(Records provided Opens)

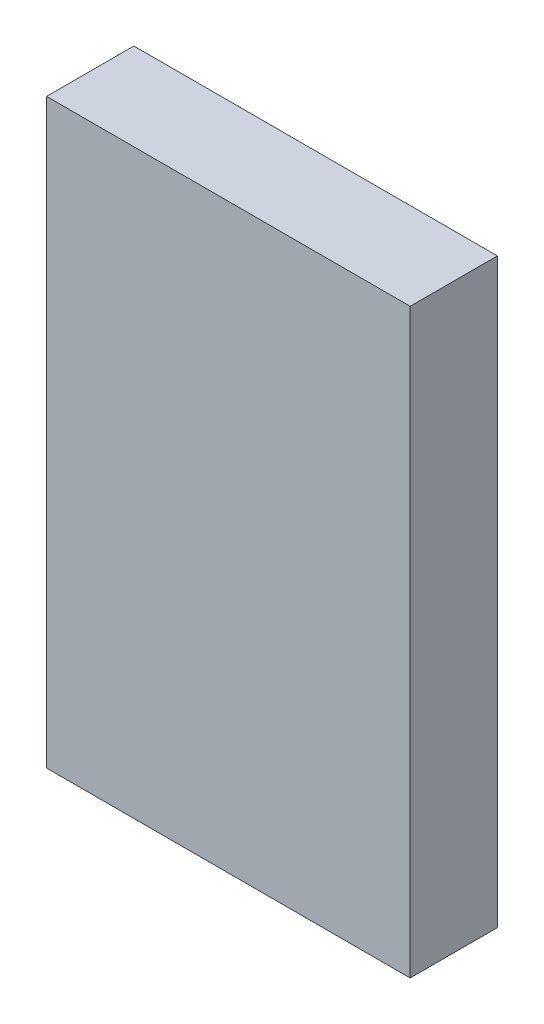
ISO-10303-21;
HEADER;
FILE_DESCRIPTION(('STEP AP214'),'2;1');
FILE_NAME('part.step','',(''),(''),'','','');
FILE_SCHEMA(('AUTOMOTIVE_DESIGN { 1 0 10303 214 1 1 1 1 }'));
ENDSEC;
DATA;
#1=APPLICATION_CONTEXT('core data for automotive mechanical design processes');
#2=APPLICATION_PROTOCOL_DEFINITION('international standard','automotive_design',2000,#1);
#3=PRODUCT_CONTEXT('',#1,'mechanical');
#4=PRODUCT('Part','Part','',(#3));
#5=PRODUCT_RELATED_PRODUCT_CATEGORY('part','',(#4));
#6=PRODUCT_DEFINITION_FORMATION('','',#4);
#7=PRODUCT_DEFINITION_CONTEXT('part definition',#1,'design');
#8=PRODUCT_DEFINITION('design','',#6,#7);
#9=PRODUCT_DEFINITION_SHAPE('','',#8);
#10=(LENGTH_UNIT() NAMED_UNIT(*) SI_UNIT(.MILLI.,.METRE.));
#11=(NAMED_UNIT(*) PLANE_ANGLE_UNIT() SI_UNIT($,.RADIAN.));
#12=(NAMED_UNIT(*) SI_UNIT($,.STERADIAN.) SOLID_ANGLE_UNIT());
#13=UNCERTAINTY_MEASURE_WITH_UNIT(LENGTH_MEASURE(1.E-05),#10,'distance_accuracy_value','');
#14=(GEOMETRIC_REPRESENTATION_CONTEXT(3) GLOBAL_UNCERTAINTY_ASSIGNED_CONTEXT((#13)) GLOBAL_UNIT_ASSIGNED_CONTEXT((#10,
#11,#12)) REPRESENTATION_CONTEXT('',''));
#15=CARTESIAN_POINT('',(0.,0.,0.));
#16=DIRECTION('',(0.,0.,1.));
#17=DIRECTION('',(1.,0.,0.));
#18=AXIS2_PLACEMENT_3D('',#15,#16,#17);
#19=CARTESIAN_POINT('',(0.62500002,-1.00000054,0.3));
#20=DIRECTION('',(0.,0.,1.));
#21=DIRECTION('',(1.,0.,0.));
#22=AXIS2_PLACEMENT_3D('',#19,#20,#21);
#23=PLANE('',#22);
#24=DIRECTION('',(0.,1.,0.));
#25=VECTOR('',#24,1.);
#26=CARTESIAN_POINT('',(-0.62499748,-1.00000054,0.3));
#27=LINE('',#26,#25);
#28=CARTESIAN_POINT('',(-0.62499748,-1.00000054,0.3));
#29=VERTEX_POINT('',#28);
#30=CARTESIAN_POINT('',(-0.62499748,1.00000054,0.3));
#31=VERTEX_POINT('',#30);
#32=EDGE_CURVE('E53',#29,#31,#27,.T.);
#33=ORIENTED_EDGE('',*,*,#32,.F.);
#34=DIRECTION('',(1.,0.,0.));
#35=VECTOR('',#34,1.);
#36=CARTESIAN_POINT('',(0.62500002,-1.00000054,0.3));
#37=LINE('',#36,#35);
#38=CARTESIAN_POINT('',(0.62500002,-1.00000054,0.3));
#39=VERTEX_POINT('',#38);
#40=EDGE_CURVE('E20',#29,#39,#37,.T.);
#41=ORIENTED_EDGE('',*,*,#40,.T.);
#42=DIRECTION('',(0.,1.,0.));
#43=VECTOR('',#42,1.);
#44=CARTESIAN_POINT('',(0.62500002,1.00000054,0.3));
#45=LINE('',#44,#43);
#46=CARTESIAN_POINT('',(0.62500002,1.00000054,0.3));
#47=VERTEX_POINT('',#46);
#48=EDGE_CURVE('E67',#47,#39,#45,.F.);
#49=ORIENTED_EDGE('',*,*,#48,.F.);
#50=DIRECTION('',(1.,0.,0.));
#51=VECTOR('',#50,1.);
#52=CARTESIAN_POINT('',(-0.62499748,1.00000054,0.3));
#53=LINE('',#52,#51);
#54=EDGE_CURVE('E58',#31,#47,#53,.T.);
#55=ORIENTED_EDGE('',*,*,#54,.F.);
#56=EDGE_LOOP('',(#33,#41,#49,#55));
#57=FACE_BOUND('',#56,.T.);
#58=ADVANCED_FACE('F17',(#57),#23,.T.);
#59=CARTESIAN_POINT('',(0.62500002,1.00000054,0.));
#60=DIRECTION('',(1.,0.,0.));
#61=DIRECTION('',(0.,0.,-1.));
#62=AXIS2_PLACEMENT_3D('',#59,#60,#61);
#63=PLANE('',#62);
#64=DIRECTION('',(0.,0.,-1.));
#65=VECTOR('',#64,1.);
#66=CARTESIAN_POINT('',(0.62500002,-1.00000054,0.));
#67=LINE('',#66,#65);
#68=CARTESIAN_POINT('',(0.62500002,-1.00000054,0.));
#69=VERTEX_POINT('',#68);
#70=EDGE_CURVE('E80',#69,#39,#67,.F.);
#71=ORIENTED_EDGE('',*,*,#70,.F.);
#72=DIRECTION('',(0.,1.,0.));
#73=VECTOR('',#72,1.);
#74=CARTESIAN_POINT('',(0.62500002,-1.00000054,0.));
#75=LINE('',#74,#73);
#76=CARTESIAN_POINT('',(0.62500002,1.00000054,0.));
#77=VERTEX_POINT('',#76);
#78=EDGE_CURVE('E75',#69,#77,#75,.T.);
#79=ORIENTED_EDGE('',*,*,#78,.T.);
#80=DIRECTION('',(0.,0.,1.));
#81=VECTOR('',#80,1.);
#82=CARTESIAN_POINT('',(0.62500002,1.00000054,0.));
#83=LINE('',#82,#81);
#84=EDGE_CURVE('E63',#47,#77,#83,.F.);
#85=ORIENTED_EDGE('',*,*,#84,.F.);
#86=ORIENTED_EDGE('',*,*,#48,.T.);
#87=EDGE_LOOP('',(#71,#79,#85,#86));
#88=FACE_BOUND('',#87,.T.);
#89=ADVANCED_FACE('F74',(#88),#63,.T.);
#90=CARTESIAN_POINT('',(-0.62499748,1.00000054,0.));
#91=DIRECTION('',(0.,1.,0.));
#92=DIRECTION('',(0.,0.,1.));
#93=AXIS2_PLACEMENT_3D('',#90,#91,#92);
#94=PLANE('',#93);
#95=ORIENTED_EDGE('',*,*,#84,.T.);
#96=DIRECTION('',(1.,0.,0.));
#97=VECTOR('',#96,1.);
#98=CARTESIAN_POINT('',(0.62500002,1.00000054,0.));
#99=LINE('',#98,#97);
#100=CARTESIAN_POINT('',(-0.62499748,1.00000054,0.));
#101=VERTEX_POINT('',#100);
#102=EDGE_CURVE('E84',#77,#101,#99,.F.);
#103=ORIENTED_EDGE('',*,*,#102,.T.);
#104=DIRECTION('',(0.,0.,1.));
#105=VECTOR('',#104,1.);
#106=CARTESIAN_POINT('',(-0.62499748,1.00000054,0.));
#107=LINE('',#106,#105);
#108=EDGE_CURVE('E65',#31,#101,#107,.F.);
#109=ORIENTED_EDGE('',*,*,#108,.F.);
#110=ORIENTED_EDGE('',*,*,#54,.T.);
#111=EDGE_LOOP('',(#95,#103,#109,#110));
#112=FACE_BOUND('',#111,.T.);
#113=ADVANCED_FACE('F60',(#112),#94,.T.);
#114=CARTESIAN_POINT('',(-0.62499748,-1.00000054,0.));
#115=DIRECTION('',(-1.,0.,0.));
#116=DIRECTION('',(0.,0.,1.));
#117=AXIS2_PLACEMENT_3D('',#114,#115,#116);
#118=PLANE('',#117);
#119=ORIENTED_EDGE('',*,*,#108,.T.);
#120=DIRECTION('',(0.,1.,0.));
#121=VECTOR('',#120,1.);
#122=CARTESIAN_POINT('',(-0.62499748,-1.00000054,0.));
#123=LINE('',#122,#121);
#124=CARTESIAN_POINT('',(-0.62499748,-1.00000054,0.));
#125=VERTEX_POINT('',#124);
#126=EDGE_CURVE('E26',#101,#125,#123,.F.);
#127=ORIENTED_EDGE('',*,*,#126,.T.);
#128=DIRECTION('',(0.,0.,-1.));
#129=VECTOR('',#128,1.);
#130=CARTESIAN_POINT('',(-0.62499748,-1.00000054,0.));
#131=LINE('',#130,#129);
#132=EDGE_CURVE('E34',#29,#125,#131,.T.);
#133=ORIENTED_EDGE('',*,*,#132,.F.);
#134=ORIENTED_EDGE('',*,*,#32,.T.);
#135=EDGE_LOOP('',(#119,#127,#133,#134));
#136=FACE_BOUND('',#135,.T.);
#137=ADVANCED_FACE('F88',(#136),#118,.T.);
#138=CARTESIAN_POINT('',(0.62500002,-1.00000054,0.));
#139=DIRECTION('',(0.,-1.,0.));
#140=DIRECTION('',(0.,0.,-1.));
#141=AXIS2_PLACEMENT_3D('',#138,#139,#140);
#142=PLANE('',#141);
#143=ORIENTED_EDGE('',*,*,#132,.T.);
#144=DIRECTION('',(1.,0.,0.));
#145=VECTOR('',#144,1.);
#146=CARTESIAN_POINT('',(0.62500002,-1.00000054,0.));
#147=LINE('',#146,#145);
#148=EDGE_CURVE('E11',#125,#69,#147,.T.);
#149=ORIENTED_EDGE('',*,*,#148,.T.);
#150=ORIENTED_EDGE('',*,*,#70,.T.);
#151=ORIENTED_EDGE('',*,*,#40,.F.);
#152=EDGE_LOOP('',(#143,#149,#150,#151));
#153=FACE_BOUND('',#152,.T.);
#154=ADVANCED_FACE('F91',(#153),#142,.T.);
#155=CARTESIAN_POINT('',(0.62500002,-1.00000054,0.));
#156=DIRECTION('',(0.,0.,1.));
#157=DIRECTION('',(1.,0.,0.));
#158=AXIS2_PLACEMENT_3D('',#155,#156,#157);
#159=PLANE('',#158);
#160=ORIENTED_EDGE('',*,*,#126,.F.);
#161=ORIENTED_EDGE('',*,*,#102,.F.);
#162=ORIENTED_EDGE('',*,*,#78,.F.);
#163=ORIENTED_EDGE('',*,*,#148,.F.);
#164=EDGE_LOOP('',(#160,#161,#162,#163));
#165=FACE_BOUND('',#164,.T.);
#166=ADVANCED_FACE('F90',(#165),#159,.F.);
#167=CLOSED_SHELL('',(#58,#89,#113,#137,#154,#166));
#168=MANIFOLD_SOLID_BREP('B1',#167);
#169=ADVANCED_BREP_SHAPE_REPRESENTATION('',(#18,#168),#14);
#170=SHAPE_DEFINITION_REPRESENTATION(#9,#169);
ENDSEC;
END-ISO-10303-21;

(Records provided Closes)

> _Work to complete_:
Take from the material above every line that includes the word "mechanical".

> _Result for this task_:
#1=APPLICATION_CONTEXT('core data for automotive mechanical design processes');
#3=PRODUCT_CONTEXT('',#1,'mechanical');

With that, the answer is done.